Data extracted from a collection:
§

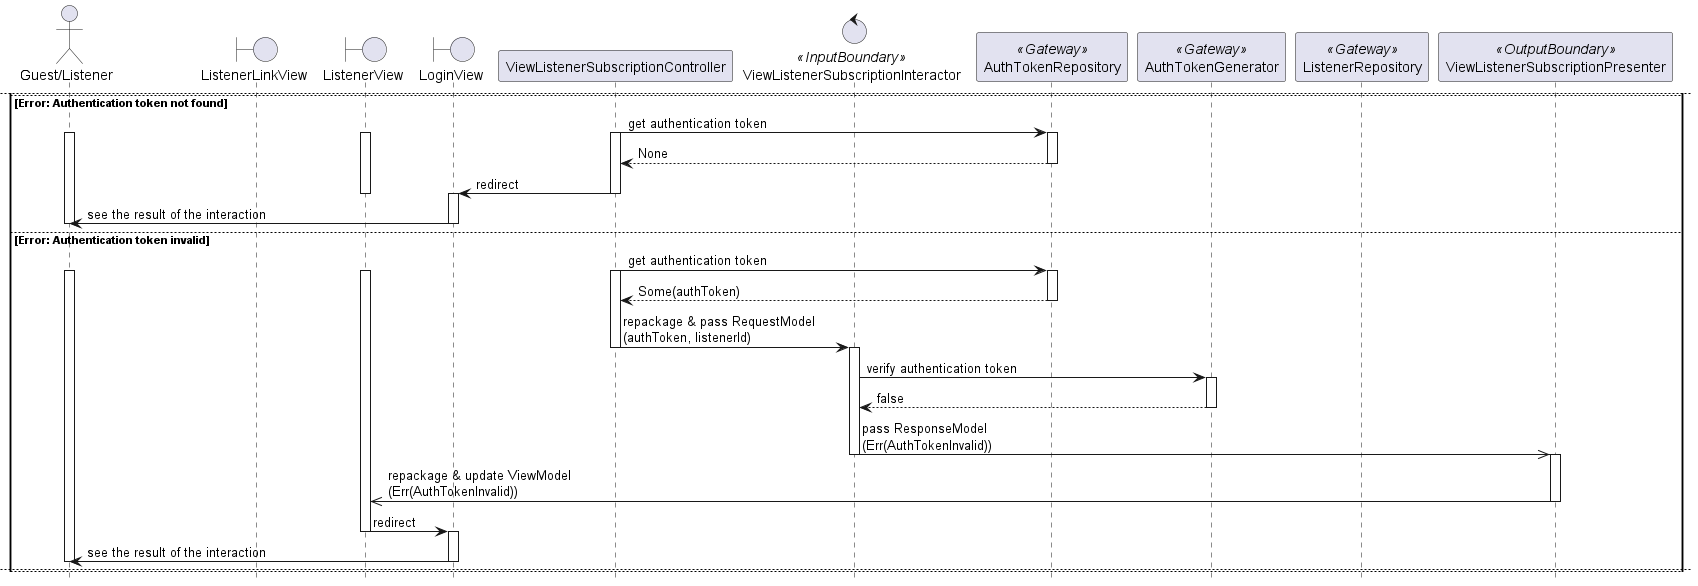

The diagram above was rendered by PlantUML. Its source (embedded in the PNG):
@startuml

hide footbox
skinparam BackgroundColor transparent

actor "Guest/Listener"
boundary ListenerLinkView
boundary ListenerView
boundary LoginView
participant ViewListenerSubscriptionController
control ViewListenerSubscriptionInteractor <<InputBoundary>>
participant AuthTokenRepository <<Gateway>>
participant AuthTokenGenerator <<Gateway>>
participant ListenerRepository <<Gateway>>
participant ViewListenerSubscriptionPresenter <<OutputBoundary>>

"Guest/Listener" -> ListenerLinkView: click on navigatable element
activate "Guest/Listener"
activate ListenerLinkView

ListenerLinkView -> ListenerView: redirect
deactivate ListenerLinkView
activate ListenerView

ListenerView -> ViewListenerSubscriptionController: pass RequestObject
activate ViewListenerSubscriptionController
    
alt OK
    ViewListenerSubscriptionController -> AuthTokenRepository: get authentication token
    activate AuthTokenRepository
    return Some(authToken)
    deactivate AuthTokenRepository

    ViewListenerSubscriptionController -> ViewListenerSubscriptionInteractor: repackage & pass RequestModel\n(authToken)
    deactivate ViewListenerSubscriptionController
    activate ViewListenerSubscriptionInteractor

    ViewListenerSubscriptionInteractor -> AuthTokenGenerator: verify authentication token
    activate AuthTokenGenerator
    ViewListenerSubscriptionInteractor <- AuthTokenGenerator: true
    ViewListenerSubscriptionInteractor -> AuthTokenGenerator: get Listener ID from authentication token
    ViewListenerSubscriptionInteractor -> AuthTokenGenerator: listenerId
    deactivate AuthTokenGenerator

    ViewListenerSubscriptionInteractor -> ListenerRepository: get Listener subscription by ID\n(listenerId)
    activate ListenerRepository
    return Some(listenerSubscription)
    deactivate ListenerRepository

    ViewListenerSubscriptionInteractor ->> ViewListenerSubscriptionPresenter: pass ResponseModel\n(Ok(listenerSubscription))
    deactivate ViewListenerSubscriptionInteractor
    activate ViewListenerSubscriptionPresenter

    ViewListenerSubscriptionPresenter ->> ListenerView: repackage & update ViewModel\n(Ok(listenerSubscription))
    deactivate ViewListenerSubscriptionPresenter

    ListenerView -> "Guest/Listener": see the result of the interaction
    deactivate ListenerView
    deactivate "Guest/Listener"
    
    newpage

else Error: Authentication token not found
    ViewListenerSubscriptionController -> AuthTokenRepository: get authentication token
    activate ViewListenerSubscriptionController
    activate "Guest/Listener"
    activate ListenerView
    activate AuthTokenRepository
    return None
    deactivate AuthTokenRepository

    ViewListenerSubscriptionController -> LoginView: redirect
    deactivate ListenerView
    deactivate ViewListenerSubscriptionController
    activate LoginView

    LoginView -> "Guest/Listener": see the result of the interaction
    deactivate LoginView
    deactivate "Guest/Listener"
    
else Error: Authentication token invalid
    ViewListenerSubscriptionController -> AuthTokenRepository: get authentication token
    activate ViewListenerSubscriptionController
    activate "Guest/Listener"
    activate ListenerView
    activate AuthTokenRepository
    return Some(authToken)
    deactivate AuthTokenRepository

    ViewListenerSubscriptionController -> ViewListenerSubscriptionInteractor: repackage & pass RequestModel\n(authToken, listenerId)
    deactivate ViewListenerSubscriptionController
    activate ViewListenerSubscriptionInteractor

    ViewListenerSubscriptionInteractor -> AuthTokenGenerator: verify authentication token
    activate AuthTokenGenerator
    return false
    deactivate AuthTokenGenerator

    ViewListenerSubscriptionInteractor ->> ViewListenerSubscriptionPresenter: pass ResponseModel\n(Err(AuthTokenInvalid))
    deactivate ViewListenerSubscriptionInteractor
    activate ViewListenerSubscriptionPresenter

    ViewListenerSubscriptionPresenter ->> ListenerView: repackage & update ViewModel\n(Err(AuthTokenInvalid))
    deactivate ViewListenerSubscriptionPresenter

    ListenerView -> LoginView: redirect
    deactivate ListenerView
    activate LoginView

    LoginView -> "Guest/Listener": see the result of the interaction
    deactivate LoginView
    deactivate "Guest/Listener"
    newpage

else Error: Listener not found
    ViewListenerSubscriptionController -> AuthTokenRepository: get authentication token
    activate ViewListenerSubscriptionController
    activate "Guest/Listener"
    activate ListenerView
    activate AuthTokenRepository
    return Some(authToken)
    deactivate AuthTokenRepository

    ViewListenerSubscriptionController -> ViewListenerSubscriptionInteractor: repackage & pass RequestModel\n(authToken, listenerId)
    deactivate ViewListenerSubscriptionController
    activate ViewListenerSubscriptionInteractor

    ViewListenerSubscriptionInteractor -> AuthTokenGenerator: verify authentication token
    activate AuthTokenGenerator
    return true
    deactivate AuthTokenGenerator

    ViewListenerSubscriptionInteractor -> ListenerRepository: get Listener subscription by ID\n(listenerId)
    activate ListenerRepository
    return None
    deactivate ListenerRepository

    ViewListenerSubscriptionInteractor ->> ViewListenerSubscriptionPresenter: pass ResponseModel\n(Err(ListenerNotFound))
    deactivate ViewListenerSubscriptionInteractor
    activate ViewListenerSubscriptionPresenter

    ViewListenerSubscriptionPresenter ->> ListenerView: repackage & update ViewModel\n(Err(ListenerNotFound))
    deactivate ViewListenerSubscriptionPresenter

    ListenerView -> "Guest/Listener": see the result of the interaction
    deactivate ListenerView
    deactivate "Guest/Listener"
    
end

@enduml

§

→ Work to complete
The copy must reproduce every entry exactly while excluding all pictures.

→ Your solution
The diagram above was rendered by PlantUML. Its source (embedded in the PNG):
@startuml

hide footbox
skinparam BackgroundColor transparent

actor "Guest/Listener"
boundary ListenerLinkView
boundary ListenerView
boundary LoginView
participant ViewListenerSubscriptionController
control ViewListenerSubscriptionInteractor <<InputBoundary>>
participant AuthTokenRepository <<Gateway>>
participant AuthTokenGenerator <<Gateway>>
participant ListenerRepository <<Gateway>>
participant ViewListenerSubscriptionPresenter <<OutputBoundary>>

"Guest/Listener" -> ListenerLinkView: click on navigatable element
activate "Guest/Listener"
activate ListenerLinkView

ListenerLinkView -> ListenerView: redirect
deactivate ListenerLinkView
activate ListenerView

ListenerView -> ViewListenerSubscriptionController: pass RequestObject
activate ViewListenerSubscriptionController
    
alt OK
    ViewListenerSubscriptionController -> AuthTokenRepository: get authentication token
    activate AuthTokenRepository
    return Some(authToken)
    deactivate AuthTokenRepository

    ViewListenerSubscriptionController -> ViewListenerSubscriptionInteractor: repackage & pass RequestModel\n(authToken)
    deactivate ViewListenerSubscriptionController
    activate ViewListenerSubscriptionInteractor

    ViewListenerSubscriptionInteractor -> AuthTokenGenerator: verify authentication token
    activate AuthTokenGenerator
    ViewListenerSubscriptionInteractor <- AuthTokenGenerator: true
    ViewListenerSubscriptionInteractor -> AuthTokenGenerator: get Listener ID from authentication token
    ViewListenerSubscriptionInteractor -> AuthTokenGenerator: listenerId
    deactivate AuthTokenGenerator

    ViewListenerSubscriptionInteractor -> ListenerRepository: get Listener subscription by ID\n(listenerId)
    activate ListenerRepository
    return Some(listenerSubscription)
    deactivate ListenerRepository

    ViewListenerSubscriptionInteractor ->> ViewListenerSubscriptionPresenter: pass ResponseModel\n(Ok(listenerSubscription))
    deactivate ViewListenerSubscriptionInteractor
    activate ViewListenerSubscriptionPresenter

    ViewListenerSubscriptionPresenter ->> ListenerView: repackage & update ViewModel\n(Ok(listenerSubscription))
    deactivate ViewListenerSubscriptionPresenter

    ListenerView -> "Guest/Listener": see the result of the interaction
    deactivate ListenerView
    deactivate "Guest/Listener"
    
    newpage

else Error: Authentication token not found
    ViewListenerSubscriptionController -> AuthTokenRepository: get authentication token
    activate ViewListenerSubscriptionController
    activate "Guest/Listener"
    activate ListenerView
    activate AuthTokenRepository
    return None
    deactivate AuthTokenRepository

    ViewListenerSubscriptionController -> LoginView: redirect
    deactivate ListenerView
    deactivate ViewListenerSubscriptionController
    activate LoginView

    LoginView -> "Guest/Listener": see the result of the interaction
    deactivate LoginView
    deactivate "Guest/Listener"
    
else Error: Authentication token invalid
    ViewListenerSubscriptionController -> AuthTokenRepository: get authentication token
    activate ViewListenerSubscriptionController
    activate "Guest/Listener"
    activate ListenerView
    activate AuthTokenRepository
    return Some(authToken)
    deactivate AuthTokenRepository

    ViewListenerSubscriptionController -> ViewListenerSubscriptionInteractor: repackage & pass RequestModel\n(authToken, listenerId)
    deactivate ViewListenerSubscriptionController
    activate ViewListenerSubscriptionInteractor

    ViewListenerSubscriptionInteractor -> AuthTokenGenerator: verify authentication token
    activate AuthTokenGenerator
    return false
    deactivate AuthTokenGenerator

    ViewListenerSubscriptionInteractor ->> ViewListenerSubscriptionPresenter: pass ResponseModel\n(Err(AuthTokenInvalid))
    deactivate ViewListenerSubscriptionInteractor
    activate ViewListenerSubscriptionPresenter

    ViewListenerSubscriptionPresenter ->> ListenerView: repackage & update ViewModel\n(Err(AuthTokenInvalid))
    deactivate ViewListenerSubscriptionPresenter

    ListenerView -> LoginView: redirect
    deactivate ListenerView
    activate LoginView

    LoginView -> "Guest/Listener": see the result of the interaction
    deactivate LoginView
    deactivate "Guest/Listener"
    newpage

else Error: Listener not found
    ViewListenerSubscriptionController -> AuthTokenRepository: get authentication token
    activate ViewListenerSubscriptionController
    activate "Guest/Listener"
    activate ListenerView
    activate AuthTokenRepository
    return Some(authToken)
    deactivate AuthTokenRepository

    ViewListenerSubscriptionController -> ViewListenerSubscriptionInteractor: repackage & pass RequestModel\n(authToken, listenerId)
    deactivate ViewListenerSubscriptionController
    activate ViewListenerSubscriptionInteractor

    ViewListenerSubscriptionInteractor -> AuthTokenGenerator: verify authentication token
    activate AuthTokenGenerator
    return true
    deactivate AuthTokenGenerator

    ViewListenerSubscriptionInteractor -> ListenerRepository: get Listener subscription by ID\n(listenerId)
    activate ListenerRepository
    return None
    deactivate ListenerRepository

    ViewListenerSubscriptionInteractor ->> ViewListenerSubscriptionPresenter: pass ResponseModel\n(Err(ListenerNotFound))
    deactivate ViewListenerSubscriptionInteractor
    activate ViewListenerSubscriptionPresenter

    ViewListenerSubscriptionPresenter ->> ListenerView: repackage & update ViewModel\n(Err(ListenerNotFound))
    deactivate ViewListenerSubscriptionPresenter

    ListenerView -> "Guest/Listener": see the result of the interaction
    deactivate ListenerView
    deactivate "Guest/Listener"
    
end

@enduml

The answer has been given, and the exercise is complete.